● **About this task**
Find the line with "69. High strength Chain Link:50" in the entries below, then reproduce it and every line after it down to and including the line with "74. Conveyor-Fin-Medium:29", exactly.

Records from a dataset:

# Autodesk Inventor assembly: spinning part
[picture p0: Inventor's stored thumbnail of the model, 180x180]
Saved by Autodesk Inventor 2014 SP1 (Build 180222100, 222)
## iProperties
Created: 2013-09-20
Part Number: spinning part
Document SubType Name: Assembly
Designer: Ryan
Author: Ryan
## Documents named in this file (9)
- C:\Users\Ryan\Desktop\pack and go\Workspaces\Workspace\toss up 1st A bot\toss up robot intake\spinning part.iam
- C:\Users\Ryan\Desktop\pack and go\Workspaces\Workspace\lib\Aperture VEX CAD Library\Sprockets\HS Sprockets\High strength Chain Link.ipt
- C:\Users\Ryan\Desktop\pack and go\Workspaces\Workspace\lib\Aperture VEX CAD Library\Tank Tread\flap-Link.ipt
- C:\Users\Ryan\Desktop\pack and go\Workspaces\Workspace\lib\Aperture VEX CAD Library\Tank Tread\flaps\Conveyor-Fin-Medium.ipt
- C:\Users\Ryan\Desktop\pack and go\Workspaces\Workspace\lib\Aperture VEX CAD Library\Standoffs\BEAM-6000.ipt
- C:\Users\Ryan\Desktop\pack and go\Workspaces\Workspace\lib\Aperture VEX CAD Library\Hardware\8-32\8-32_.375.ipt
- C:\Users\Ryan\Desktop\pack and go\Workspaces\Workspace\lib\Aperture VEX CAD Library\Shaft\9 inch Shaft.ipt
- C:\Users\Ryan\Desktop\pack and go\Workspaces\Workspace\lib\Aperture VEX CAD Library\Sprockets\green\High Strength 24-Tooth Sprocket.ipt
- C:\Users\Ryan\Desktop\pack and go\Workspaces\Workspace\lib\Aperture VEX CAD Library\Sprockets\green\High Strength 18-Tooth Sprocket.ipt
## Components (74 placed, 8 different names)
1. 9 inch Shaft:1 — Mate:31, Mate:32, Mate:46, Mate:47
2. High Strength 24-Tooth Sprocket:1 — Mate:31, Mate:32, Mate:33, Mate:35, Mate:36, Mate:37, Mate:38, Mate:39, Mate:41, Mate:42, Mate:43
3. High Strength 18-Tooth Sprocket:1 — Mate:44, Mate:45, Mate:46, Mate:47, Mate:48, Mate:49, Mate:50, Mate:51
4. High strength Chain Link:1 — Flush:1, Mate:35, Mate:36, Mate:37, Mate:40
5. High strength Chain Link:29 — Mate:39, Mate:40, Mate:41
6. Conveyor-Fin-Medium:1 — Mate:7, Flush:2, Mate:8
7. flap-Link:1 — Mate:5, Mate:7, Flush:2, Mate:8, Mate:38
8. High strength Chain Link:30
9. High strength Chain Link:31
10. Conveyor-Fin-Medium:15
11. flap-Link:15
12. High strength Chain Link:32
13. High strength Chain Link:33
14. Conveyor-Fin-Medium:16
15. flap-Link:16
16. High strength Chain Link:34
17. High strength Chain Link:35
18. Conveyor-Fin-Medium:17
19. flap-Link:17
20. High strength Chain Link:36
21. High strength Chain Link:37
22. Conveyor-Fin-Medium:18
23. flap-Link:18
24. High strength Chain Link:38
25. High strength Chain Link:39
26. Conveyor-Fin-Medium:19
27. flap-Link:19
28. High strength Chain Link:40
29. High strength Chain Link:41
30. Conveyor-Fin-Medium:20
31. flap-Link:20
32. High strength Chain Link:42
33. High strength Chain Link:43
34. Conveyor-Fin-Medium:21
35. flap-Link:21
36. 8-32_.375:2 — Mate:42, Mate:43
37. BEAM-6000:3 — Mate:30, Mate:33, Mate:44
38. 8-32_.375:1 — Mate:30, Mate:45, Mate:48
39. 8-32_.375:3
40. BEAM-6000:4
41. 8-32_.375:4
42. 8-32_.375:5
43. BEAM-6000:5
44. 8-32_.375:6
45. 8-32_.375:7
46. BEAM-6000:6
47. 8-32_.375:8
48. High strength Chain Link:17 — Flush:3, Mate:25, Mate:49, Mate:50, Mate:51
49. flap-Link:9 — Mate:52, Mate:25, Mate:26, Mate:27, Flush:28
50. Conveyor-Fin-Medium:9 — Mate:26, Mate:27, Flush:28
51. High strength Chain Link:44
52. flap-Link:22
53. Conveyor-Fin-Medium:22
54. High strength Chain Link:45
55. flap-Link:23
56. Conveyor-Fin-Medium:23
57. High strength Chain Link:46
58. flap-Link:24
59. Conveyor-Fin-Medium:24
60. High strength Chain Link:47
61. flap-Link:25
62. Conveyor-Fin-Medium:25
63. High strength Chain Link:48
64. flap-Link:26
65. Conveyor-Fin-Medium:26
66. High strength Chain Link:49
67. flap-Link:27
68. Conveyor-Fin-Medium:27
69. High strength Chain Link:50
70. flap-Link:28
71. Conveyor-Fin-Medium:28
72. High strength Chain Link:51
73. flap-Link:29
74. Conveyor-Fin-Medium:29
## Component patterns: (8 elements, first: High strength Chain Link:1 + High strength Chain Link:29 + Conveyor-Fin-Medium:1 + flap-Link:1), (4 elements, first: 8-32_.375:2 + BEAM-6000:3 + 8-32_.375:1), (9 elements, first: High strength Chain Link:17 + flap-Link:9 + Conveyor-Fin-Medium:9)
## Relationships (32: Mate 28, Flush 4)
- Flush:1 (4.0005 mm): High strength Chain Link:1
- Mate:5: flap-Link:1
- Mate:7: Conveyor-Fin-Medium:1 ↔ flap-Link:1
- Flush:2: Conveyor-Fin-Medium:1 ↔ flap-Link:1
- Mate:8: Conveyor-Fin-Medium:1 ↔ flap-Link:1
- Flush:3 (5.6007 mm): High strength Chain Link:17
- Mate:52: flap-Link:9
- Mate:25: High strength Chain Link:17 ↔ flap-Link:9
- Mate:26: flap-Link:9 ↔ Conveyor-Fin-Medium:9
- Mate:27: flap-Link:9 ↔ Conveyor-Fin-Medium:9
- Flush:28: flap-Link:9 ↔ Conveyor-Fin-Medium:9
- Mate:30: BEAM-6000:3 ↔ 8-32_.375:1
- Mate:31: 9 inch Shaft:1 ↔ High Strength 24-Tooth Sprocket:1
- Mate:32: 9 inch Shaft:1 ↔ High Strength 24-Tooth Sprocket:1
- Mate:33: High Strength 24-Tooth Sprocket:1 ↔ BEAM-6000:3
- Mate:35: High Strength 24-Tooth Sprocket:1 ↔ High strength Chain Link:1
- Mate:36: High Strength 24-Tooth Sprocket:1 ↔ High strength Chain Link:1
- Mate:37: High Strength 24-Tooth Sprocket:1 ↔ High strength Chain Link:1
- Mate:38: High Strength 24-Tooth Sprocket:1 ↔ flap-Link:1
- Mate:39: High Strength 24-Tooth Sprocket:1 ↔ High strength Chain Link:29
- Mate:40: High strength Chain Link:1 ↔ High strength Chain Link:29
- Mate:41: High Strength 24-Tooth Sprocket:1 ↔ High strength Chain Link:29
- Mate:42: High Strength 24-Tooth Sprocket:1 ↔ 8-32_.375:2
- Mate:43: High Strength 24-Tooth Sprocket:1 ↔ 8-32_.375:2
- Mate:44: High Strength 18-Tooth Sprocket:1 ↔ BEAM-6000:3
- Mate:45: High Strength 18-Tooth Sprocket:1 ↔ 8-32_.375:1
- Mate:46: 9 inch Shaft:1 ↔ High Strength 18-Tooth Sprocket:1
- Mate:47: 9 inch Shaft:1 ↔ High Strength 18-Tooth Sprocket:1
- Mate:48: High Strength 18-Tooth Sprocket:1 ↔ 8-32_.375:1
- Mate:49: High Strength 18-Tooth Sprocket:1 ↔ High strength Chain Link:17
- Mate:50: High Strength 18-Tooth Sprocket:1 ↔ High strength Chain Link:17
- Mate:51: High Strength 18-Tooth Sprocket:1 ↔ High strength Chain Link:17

● **The answer**
69. High strength Chain Link:50
70. flap-Link:28
71. Conveyor-Fin-Medium:28
72. High strength Chain Link:51
73. flap-Link:29
74. Conveyor-Fin-Medium:29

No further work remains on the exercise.